If anything I've written intrigues you, please take this opportunity to be bold and send me a message; I’m talking to you Ms Lurker - I'm anxious to hear from YOU.
I find an incredibly broad range of women alluring, I’m not hung up on any particular age range, race/ethnicity, body type, or relationship status/situation.
A simple "Hello" more than suffices, your respect and discretion are 100% assured.
Send me a salutation, I’ll be back in the Minneapolis area again in a few weeks, and look forward to hearing from you…
ADDENDUM
It's sad and demoralizing, although not entirely unexpected, to have to state the following so clearly and explicitly.
Ghosting is reflective of deep and pathetic character flaws I want absolutely nothing to do with.
If politely conveying that things aren’t aligning on your end and you’ve decided to move along and continue your search elsewhere is a bar too high, you’re a contributing factor in why the world is such a callous and difficult place these days.
I’m not naive, I fully expect the vast majority of connections to not lead anywhere, but have been overwhelmed by the pervasiveness of such cavalier and narcissistic conduct.

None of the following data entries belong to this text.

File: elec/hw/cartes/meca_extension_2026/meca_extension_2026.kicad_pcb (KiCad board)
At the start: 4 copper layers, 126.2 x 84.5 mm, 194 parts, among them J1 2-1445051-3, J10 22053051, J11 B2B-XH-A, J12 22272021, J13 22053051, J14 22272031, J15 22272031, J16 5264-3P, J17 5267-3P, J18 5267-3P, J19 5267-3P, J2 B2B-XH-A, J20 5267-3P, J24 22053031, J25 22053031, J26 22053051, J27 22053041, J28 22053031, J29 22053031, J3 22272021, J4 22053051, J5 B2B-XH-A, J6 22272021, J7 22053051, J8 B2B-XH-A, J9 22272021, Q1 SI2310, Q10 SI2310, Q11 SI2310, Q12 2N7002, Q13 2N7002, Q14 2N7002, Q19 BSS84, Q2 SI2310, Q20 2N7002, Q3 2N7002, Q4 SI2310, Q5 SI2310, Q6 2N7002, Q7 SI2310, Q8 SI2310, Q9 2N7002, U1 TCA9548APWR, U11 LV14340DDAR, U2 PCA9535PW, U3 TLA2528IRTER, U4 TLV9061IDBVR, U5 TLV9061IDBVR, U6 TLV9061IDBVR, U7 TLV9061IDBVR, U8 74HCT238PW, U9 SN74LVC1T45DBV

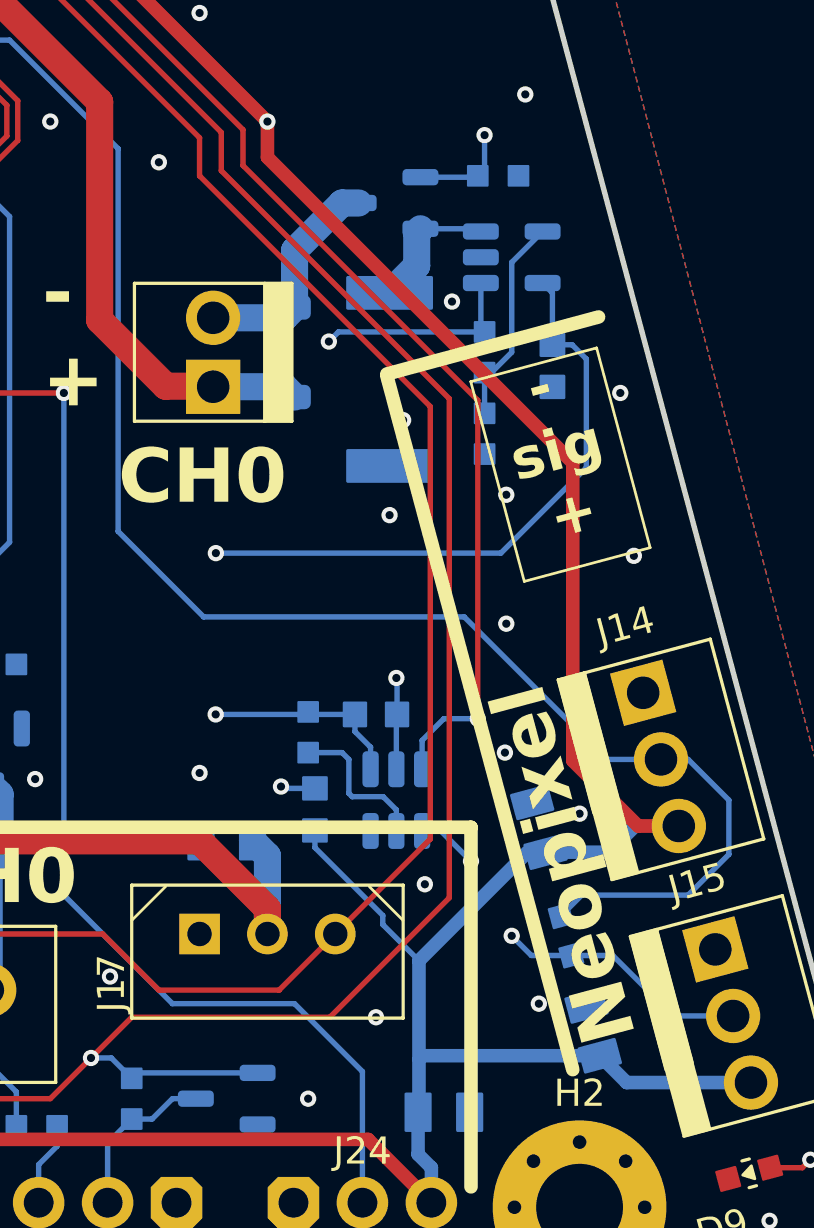
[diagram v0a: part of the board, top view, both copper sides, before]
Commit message: meca_extension : led command can be 3v3 or 5v, selecion resistors added
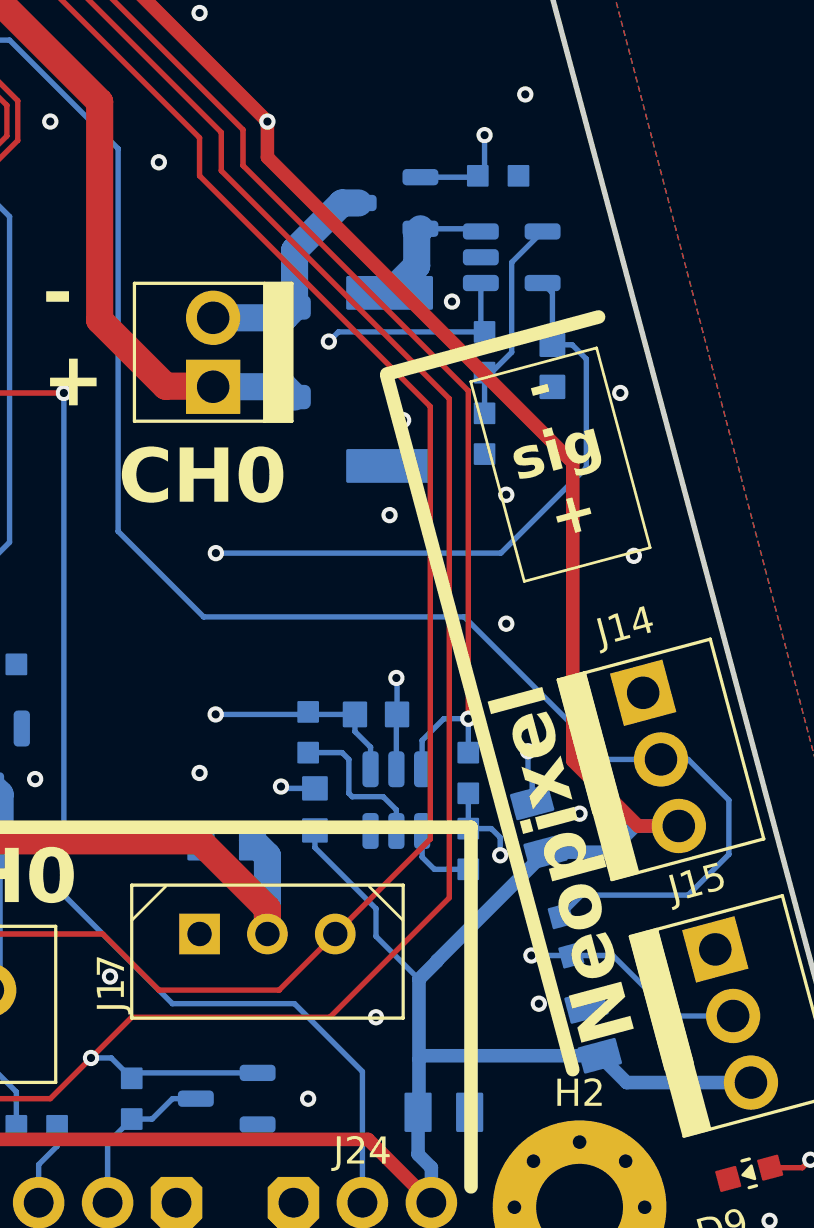
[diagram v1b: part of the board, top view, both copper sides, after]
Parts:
- added R65: 0R, cocotter_resistor:r0603_reflow, B.Cu at (174.4, 113.8)
- added R66: 0R, cocotter_resistor:r0603_reflow, B.Cu at (174.4, 111.0)
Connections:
- net /neopixel_cmd_3v3 renamed /neopixel_cmd_con
- U9 pad 4: /neopixel_cmd_5v -> Net-(U9-B)
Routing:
- net Net-(U9-B): track 0.00 -> 2.85 mm
- net GND: track 10.8 -> 12.8 mm, vias 141 -> 140
- net /neopixel_cmd_5v: track 15.0 -> 15.8 mm
- net /neopixel_cmd_con: track 93.1 -> 93.9 mm

If you’re not capable or willing to say ‘Thank you, this isn’t aligning with what I’m seeking, I’m going to continue looking elsewhere, best of luck.’ then do everyone a favor and stay home; it's really the bare minimum.
To that end, if they respond poorly, by all means block them, but their immaturity doesn’t excuse or justify a lack of decency.
Have something to say, show me what makes you special.
I recognize my post is longer than most, I’ve made an effort to paint an honest and comprehensive portrait of myself, and while my tone, style, or approach may not align with how you or others may present themselves, if you lack the focus, attention span, or willingness to take a few minutes to read what I’ve written, we’re unlikely to be a good fit.
Communication is difficult, but gets easier with modest efforts; ask questions, be bold, express ideas, show me your true, authentic, and candid self.
Intellectual curiosity is an immensely rare and alluring trait.
By virtue of the fact we’re both here means the stakes are higher than average, demonstrate the inherent risk is warranted, show me why you’re worth investing time and effort in.
Despite this curmudgeonly rant, I’m actually rather gracious, generous, understanding, mindful, engaging, and more than willing and eager to engage with those my equal or greater.